De même, le port de Marseille pourrait devenir le premier port en Méditerranée pour les conteneurs , grâce à ses nombreux avantages naturels et ses infrastructures:

- ses quais sont en eau profonde et d'accès très facile, ce qui permet aux gros, voire très gros navires d'accoster ;

- environ 80 % du terrain n'est pas utilisé à Fos, dont la surface totale avoisine 10 000 hectares, soit la superficie de la ville de Paris (105 km²) ;

- les conditions climatiques sont globalement favorables (pas de marée ni de brume comme dans les ports du Nord de l'Europe, même si parfois la manutention est contrariée par des vents violents) ;

- l'accès est direct vers Lyon et le centre de l'Europe via l'axe rhodanien, ce qui épargne 5 jours de navigation par rapport aux ports du Nord de l'Europe (en outre, Marseille ne pâtit pas d'obstacles montagneux contrairement aux ports italiens et espagnols) ;

- Marseille est le seul port méditerranéen à disposer de tous les modes de transport pour desservir l'arrière-pays (fleuve, train, route et pipeline).

Bien entendu, le positionnement stratégique de Marseille ne suffit pas à assurer son essor : le déclin de Marseille est exemplaire du décrochage des ports français .

Votre groupe de travail a également constaté le dynamisme du port de Dunkerque. Son trafic potentiel est estimé à 200 millions de tonnes, et il pourrait concurrencer très sérieusement dans les années à venir les ports flamands et hollandais.

De manière générale, il ne faut pas opposer les deux grands ports français et les autres ports, car leur développement est complémentaire. En effet, les ports du Havre et de Marseille ont une double mission : d'une part, accueillir de gros navires porte-conteneurs pour irriguer leurs arrière-pays ; d'autre part, redistribuer ces marchandises vers les autres ports. Ainsi, le développement des ports du Havre et de Marseille profite aux autres ports, et les ports de l'Atlantique souhaitent que le port normand poursuive sa croissance.


* 19 Cf. le rapport sur la modernisation des ports autonomes, Inspection générale des finances, Conseil général des Ponts et Chaussées, établi par Anne Bolliet, Claude Gressier, Michel Laffitte, René Genevois, juillet 2007, p. 2.

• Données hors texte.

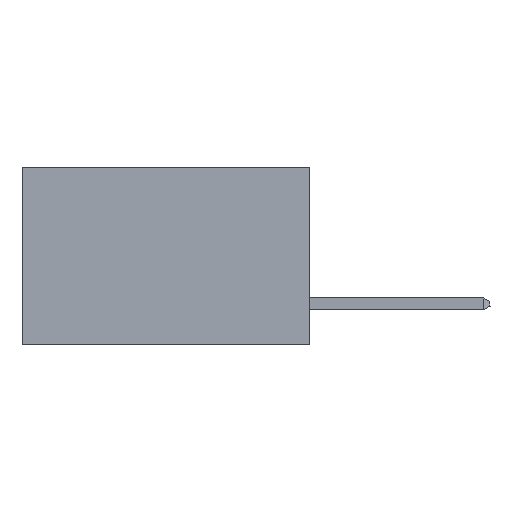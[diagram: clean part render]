
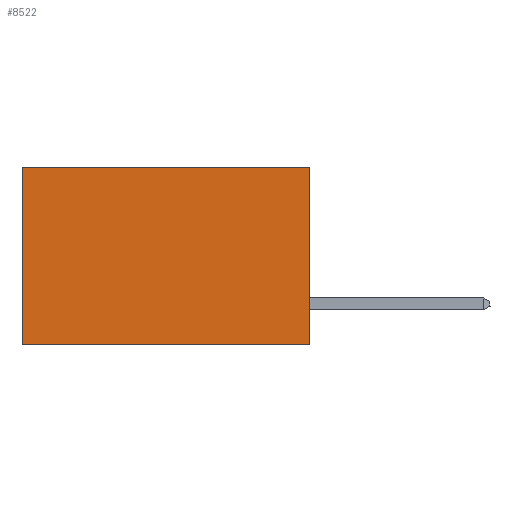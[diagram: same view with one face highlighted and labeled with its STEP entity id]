
A CAD part, left-side view. The second image highlights one B-rep face of the part: STEP entity #8522.
In plain terms, the highlighted planar face has unit normal (-1, 0, 0).
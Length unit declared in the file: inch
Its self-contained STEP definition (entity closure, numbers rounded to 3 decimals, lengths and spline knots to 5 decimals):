
#184 = DIRECTION ( 'NONE',  ( 0., 0., -1. ) ) ;
#2567 = VECTOR ( 'NONE', #31059, 39.37008 ) ;
#2899 = EDGE_CURVE ( 'NONE', #19067, #6587, #17946, .T. ) ;
#4677 = EDGE_LOOP ( 'NONE', ( #37516, #38221, #6264, #26894 ) ) ;
#5784 = EDGE_CURVE ( 'NONE', #19067, #19152, #11629, .T. ) ;
#6264 = ORIENTED_EDGE ( 'NONE', *, *, #5784, .F. ) ;
#6587 = VERTEX_POINT ( 'NONE', #41698 ) ;
#6931 = CARTESIAN_POINT ( 'NONE',  ( 0.2875, 0., -0.37 ) ) ;
#6935 = DIRECTION ( 'NONE',  ( 0., 1., 0. ) ) ;
#7990 = CARTESIAN_POINT ( 'NONE',  ( 0.2875, 0., -0.37 ) ) ;
#8522 = ADVANCED_FACE ( 'NONE', ( #33780 ), #13654, .F. ) ;
#11629 = LINE ( 'NONE', #39635, #20521 ) ;
#13489 = LINE ( 'NONE', #33422, #14591 ) ;
#13654 = PLANE ( 'NONE',  #21849 ) ;
#14591 = VECTOR ( 'NONE', #22984, 39.37008 ) ;
#15540 = LINE ( 'NONE', #6931, #2567 ) ;
#16188 = VERTEX_POINT ( 'NONE', #30937 ) ;
#17946 = LINE ( 'NONE', #27726, #38522 ) ;
#18925 = DIRECTION ( 'NONE',  ( 0., 0., -1. ) ) ;
#19067 = VERTEX_POINT ( 'NONE', #37881 ) ;
#19152 = VERTEX_POINT ( 'NONE', #7990 ) ;
#20521 = VECTOR ( 'NONE', #18925, 39.37008 ) ;
#20983 = CARTESIAN_POINT ( 'NONE',  ( 0.2875, 0., 0. ) ) ;
#21849 = AXIS2_PLACEMENT_3D ( 'NONE', #20983, #24297, #184 ) ;
#22984 = DIRECTION ( 'NONE',  ( 0., 0., -1. ) ) ;
#24297 = DIRECTION ( 'NONE',  ( 1., 0., 0. ) ) ;
#26894 = ORIENTED_EDGE ( 'NONE', *, *, #2899, .T. ) ;
#27726 = CARTESIAN_POINT ( 'NONE',  ( 0.2875, 0., 0. ) ) ;
#30165 = EDGE_CURVE ( 'NONE', #19152, #16188, #15540, .T. ) ;
#30937 = CARTESIAN_POINT ( 'NONE',  ( 0.2875, 0.6, -0.37 ) ) ;
#31059 = DIRECTION ( 'NONE',  ( 0., 1., 0. ) ) ;
#33422 = CARTESIAN_POINT ( 'NONE',  ( 0.2875, 0.6, 0. ) ) ;
#33780 = FACE_OUTER_BOUND ( 'NONE', #4677, .T. ) ;
#37516 = ORIENTED_EDGE ( 'NONE', *, *, #42665, .T. ) ;
#37881 = CARTESIAN_POINT ( 'NONE',  ( 0.2875, 0., 0. ) ) ;
#38221 = ORIENTED_EDGE ( 'NONE', *, *, #30165, .F. ) ;
#38522 = VECTOR ( 'NONE', #6935, 39.37008 ) ;
#39635 = CARTESIAN_POINT ( 'NONE',  ( 0.2875, 0., 0. ) ) ;
#41698 = CARTESIAN_POINT ( 'NONE',  ( 0.2875, 0.6, 0. ) ) ;
#42665 = EDGE_CURVE ( 'NONE', #6587, #16188, #13489, .T. ) ;
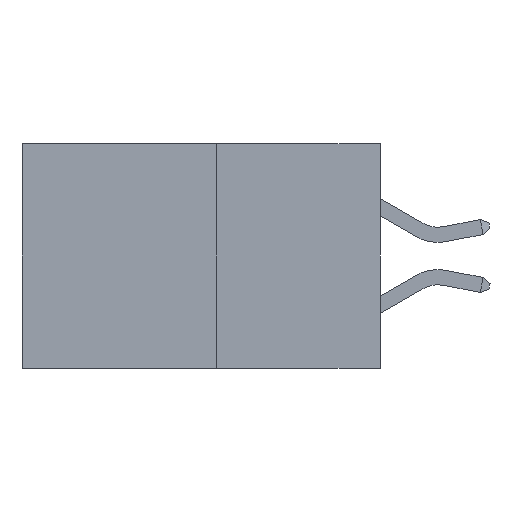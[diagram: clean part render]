
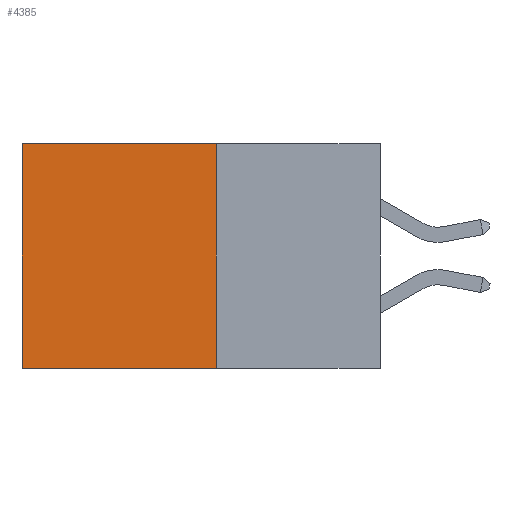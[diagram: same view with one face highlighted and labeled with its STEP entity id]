
A CAD part, left-side view. The second image highlights one B-rep face of the part: STEP entity #4385.
In plain terms, the highlighted planar face has unit normal (-1, 0, 0).
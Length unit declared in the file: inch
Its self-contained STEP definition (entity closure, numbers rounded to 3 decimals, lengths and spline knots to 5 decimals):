
#15 = CARTESIAN_POINT ( 'NONE',  ( 0.277, 0.27, -0.37 ) ) ;
#18 = VECTOR ( 'NONE', #5529, 39.37008 ) ;
#135 = ORIENTED_EDGE ( 'NONE', *, *, #5415, .T. ) ;
#152 = CARTESIAN_POINT ( 'NONE',  ( 0.277, 0.27, -0.37 ) ) ;
#438 = DIRECTION ( 'NONE',  ( 0., 1., 0. ) ) ;
#734 = EDGE_CURVE ( 'NONE', #8296, #1109, #6866, .T. ) ;
#751 = FACE_OUTER_BOUND ( 'NONE', #9293, .T. ) ;
#1109 = VERTEX_POINT ( 'NONE', #15 ) ;
#2133 = ORIENTED_EDGE ( 'NONE', *, *, #734, .F. ) ;
#2354 = ORIENTED_EDGE ( 'NONE', *, *, #6447, .F. ) ;
#2619 = EDGE_CURVE ( 'NONE', #8296, #10579, #10025, .T. ) ;
#4385 = ADVANCED_FACE ( 'NONE', ( #751 ), #10440, .F. ) ;
#5339 = VECTOR ( 'NONE', #8160, 39.37008 ) ;
#5415 = EDGE_CURVE ( 'NONE', #10579, #6091, #10625, .T. ) ;
#5514 = CARTESIAN_POINT ( 'NONE',  ( 0.277, 0.27, 0. ) ) ;
#5529 = DIRECTION ( 'NONE',  ( 0., 0., -1. ) ) ;
#6091 = VERTEX_POINT ( 'NONE', #7315 ) ;
#6447 = EDGE_CURVE ( 'NONE', #1109, #6091, #6455, .T. ) ;
#6455 = LINE ( 'NONE', #152, #10849 ) ;
#6866 = LINE ( 'NONE', #8815, #18 ) ;
#7315 = CARTESIAN_POINT ( 'NONE',  ( 0.277, 0.59, -0.37 ) ) ;
#8160 = DIRECTION ( 'NONE',  ( 0., 1., 0. ) ) ;
#8276 = ORIENTED_EDGE ( 'NONE', *, *, #2619, .T. ) ;
#8296 = VERTEX_POINT ( 'NONE', #5514 ) ;
#8815 = CARTESIAN_POINT ( 'NONE',  ( 0.277, 0.27, -0.37 ) ) ;
#9111 = CARTESIAN_POINT ( 'NONE',  ( 0.277, 0.59, 0. ) ) ;
#9293 = EDGE_LOOP ( 'NONE', ( #135, #2354, #2133, #8276 ) ) ;
#9360 = CARTESIAN_POINT ( 'NONE',  ( 0.277, 0.59, -0.37 ) ) ;
#9568 = DIRECTION ( 'NONE',  ( 0., 0., -1. ) ) ;
#10025 = LINE ( 'NONE', #11137, #5339 ) ;
#10135 = DIRECTION ( 'NONE',  ( 0., 0., -1. ) ) ;
#10356 = VECTOR ( 'NONE', #9568, 39.37008 ) ;
#10399 = DIRECTION ( 'NONE',  ( 1., 0., 0. ) ) ;
#10440 = PLANE ( 'NONE',  #11174 ) ;
#10507 = CARTESIAN_POINT ( 'NONE',  ( 0.277, 0.27, -0.37 ) ) ;
#10579 = VERTEX_POINT ( 'NONE', #9111 ) ;
#10625 = LINE ( 'NONE', #9360, #10356 ) ;
#10849 = VECTOR ( 'NONE', #438, 39.37008 ) ;
#11137 = CARTESIAN_POINT ( 'NONE',  ( 0.277, 0.27, 0. ) ) ;
#11174 = AXIS2_PLACEMENT_3D ( 'NONE', #10507, #10399, #10135 ) ;

* 20 Cf. le rapport au premier ministre, « La desserte ferroviaire et fluviale des grands ports maritimes », par le député Roland Blum, mars 2010, page 21.

* 21 Cf. le rapport d'information fait au nom du groupe de suivi, présidé par M. Louis Nègre, sur l'avant-projet consolidé de schéma national des infrastructures de transport (SNIT), de la commission de l'économie, du développement durable et de l'aménagement du territoire du Sénat, 8 juin 2011, p. 12.